Cependant, comme expliqué précédemment, la température influe sur le coefficient de diffusion : (1) pour les basses températures, la diffusion sera négligeable comparée à l’accumulation, le système est donc fermé ; (2) pour de hautes températures, la diffusion est suffisamment active pour que le cristal ne soit pas rétentif à l’hélium. La connaissance de ce domaine de température intermédiaire où une forme d’équilibre entre diffusion et rétention existe est importante puisqu’elle conditionne la cinétique de la diffusion dans le système. La température à laquelle le système comporte statistiquement 50 % de particules piégées et 50 % de particules diffusées est nommée température de fermeture, TC. L’expression de cette température TC a été formulée par Dodson (1973). La température de fermeture représente un paramètre cinétique, dépendant du taux de variation de la température (taux de refroidissement et/ou de réchauffement).

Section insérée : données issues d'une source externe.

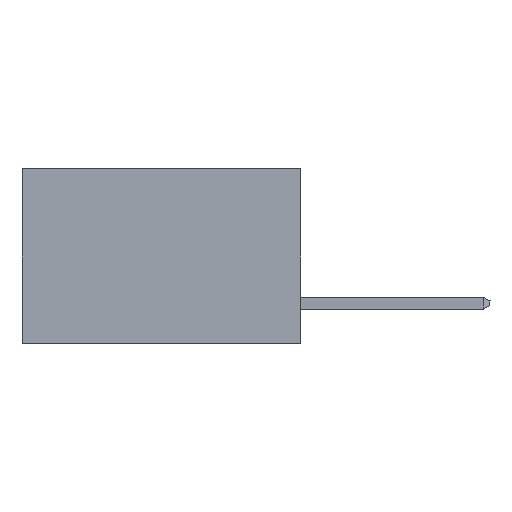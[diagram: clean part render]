
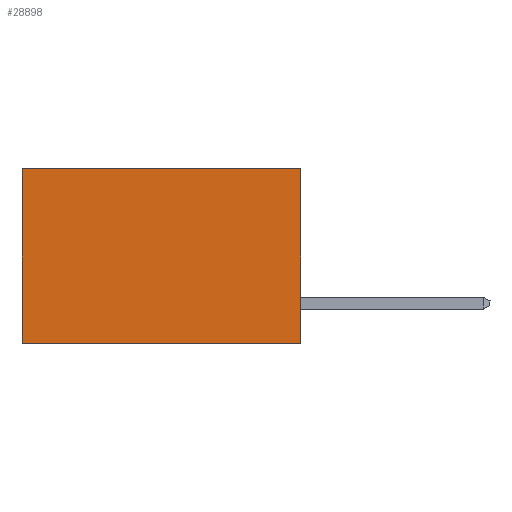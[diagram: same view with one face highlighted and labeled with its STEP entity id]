
A CAD part, left-side view. The second image highlights one B-rep face of the part: STEP entity #28898.
In plain terms, the highlighted planar face has unit normal (-1, 0, 0).
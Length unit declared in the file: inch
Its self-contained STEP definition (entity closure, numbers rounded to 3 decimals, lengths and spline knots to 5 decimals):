
#815 = CARTESIAN_POINT ( 'NONE',  ( 0.277, 0., 0. ) ) ;
#1026 = EDGE_CURVE ( 'NONE', #4527, #26258, #1386, .T. ) ;
#1118 = FACE_OUTER_BOUND ( 'NONE', #8150, .T. ) ;
#1249 = ORIENTED_EDGE ( 'NONE', *, *, #2469, .T. ) ;
#1386 = LINE ( 'NONE', #14275, #7116 ) ;
#2233 = EDGE_CURVE ( 'NONE', #9909, #4527, #29844, .T. ) ;
#2469 = EDGE_CURVE ( 'NONE', #2538, #26258, #28737, .T. ) ;
#2538 = VERTEX_POINT ( 'NONE', #21695 ) ;
#4527 = VERTEX_POINT ( 'NONE', #14000 ) ;
#6285 = CARTESIAN_POINT ( 'NONE',  ( 0.277, 0.59, -0.37 ) ) ;
#6863 = VECTOR ( 'NONE', #25036, 39.37008 ) ;
#7116 = VECTOR ( 'NONE', #27912, 39.37008 ) ;
#8009 = ORIENTED_EDGE ( 'NONE', *, *, #16252, .T. ) ;
#8150 = EDGE_LOOP ( 'NONE', ( #1249, #24317, #29741, #8009 ) ) ;
#8803 = PLANE ( 'NONE',  #23214 ) ;
#9909 = VERTEX_POINT ( 'NONE', #26789 ) ;
#13339 = LINE ( 'NONE', #815, #6863 ) ;
#13661 = DIRECTION ( 'NONE',  ( 1., 0., 0. ) ) ;
#14000 = CARTESIAN_POINT ( 'NONE',  ( 0.277, 0., -0.37 ) ) ;
#14275 = CARTESIAN_POINT ( 'NONE',  ( 0.277, 0., -0.37 ) ) ;
#15815 = CARTESIAN_POINT ( 'NONE',  ( 0.277, 0., -0.37 ) ) ;
#16252 = EDGE_CURVE ( 'NONE', #9909, #2538, #13339, .T. ) ;
#16915 = VECTOR ( 'NONE', #26793, 39.37008 ) ;
#17758 = DIRECTION ( 'NONE',  ( 0., 0., -1. ) ) ;
#21695 = CARTESIAN_POINT ( 'NONE',  ( 0.277, 0.59, 0. ) ) ;
#23214 = AXIS2_PLACEMENT_3D ( 'NONE', #27959, #13661, #30261 ) ;
#23675 = VECTOR ( 'NONE', #17758, 39.37008 ) ;
#24317 = ORIENTED_EDGE ( 'NONE', *, *, #1026, .F. ) ;
#24960 = CARTESIAN_POINT ( 'NONE',  ( 0.277, 0.59, -0.37 ) ) ;
#25036 = DIRECTION ( 'NONE',  ( 0., 1., 0. ) ) ;
#26258 = VERTEX_POINT ( 'NONE', #6285 ) ;
#26789 = CARTESIAN_POINT ( 'NONE',  ( 0.277, 0., 0. ) ) ;
#26793 = DIRECTION ( 'NONE',  ( 0., 0., -1. ) ) ;
#27912 = DIRECTION ( 'NONE',  ( 0., 1., 0. ) ) ;
#27959 = CARTESIAN_POINT ( 'NONE',  ( 0.277, 0., -0.37 ) ) ;
#28737 = LINE ( 'NONE', #24960, #16915 ) ;
#28898 = ADVANCED_FACE ( 'NONE', ( #1118 ), #8803, .F. ) ;
#29741 = ORIENTED_EDGE ( 'NONE', *, *, #2233, .F. ) ;
#29844 = LINE ( 'NONE', #15815, #23675 ) ;
#30261 = DIRECTION ( 'NONE',  ( 0., 0., -1. ) ) ;

Pour l’apatite, les valeurs de

D0 et Ea ont été déterminées de façon empirique par des expériences de diffusion, d’implantation ionique de tirs au microfaisceau (ERDA, NRA) ou bien de façon théorique (théorie de la fonctionnelle de la densité) (Fig. III-6). De nombreuses estimations du coefficient de diffusion dans l’apatite ont été effectuées (Zeitler et al., 1987 ; Wolf et al., 1996 ; Warnock et al., 1997 ;Ouchani et al., 1998 ; Farley, 2000 ; Shuster et Farley, 2004 ; Shuster et al., 2006 ; Cherniak et al., 2009 ; Shuster et Farley, 2009 ; Bengston et al., 2012).

Figure III-6 : Estimations empiriques et théoriques des valeurs de D0 et Ea

pour différentes apatites (Gautheron, pers. comm.). La valeur de a vaut 100 µm. En losanges bleus clairs, valeurs pour tous types d’apatites excepté Durango. Les cercles indiquent les valeurs déterminées grâce à des expériences de diffusion pour le standard Durango. Les carrés colorés indiquent des valeurs déterminéess par NRA (Nuclear Reaction Analysis), ERDA (Elastic Recoil Detection Analysis) et calculs DFT (Density Functional theory) pour le standard Durango. Toutes les valeurs obtenues sont remarquablement cohérentes dans le graphique Log D0 = f(Ea).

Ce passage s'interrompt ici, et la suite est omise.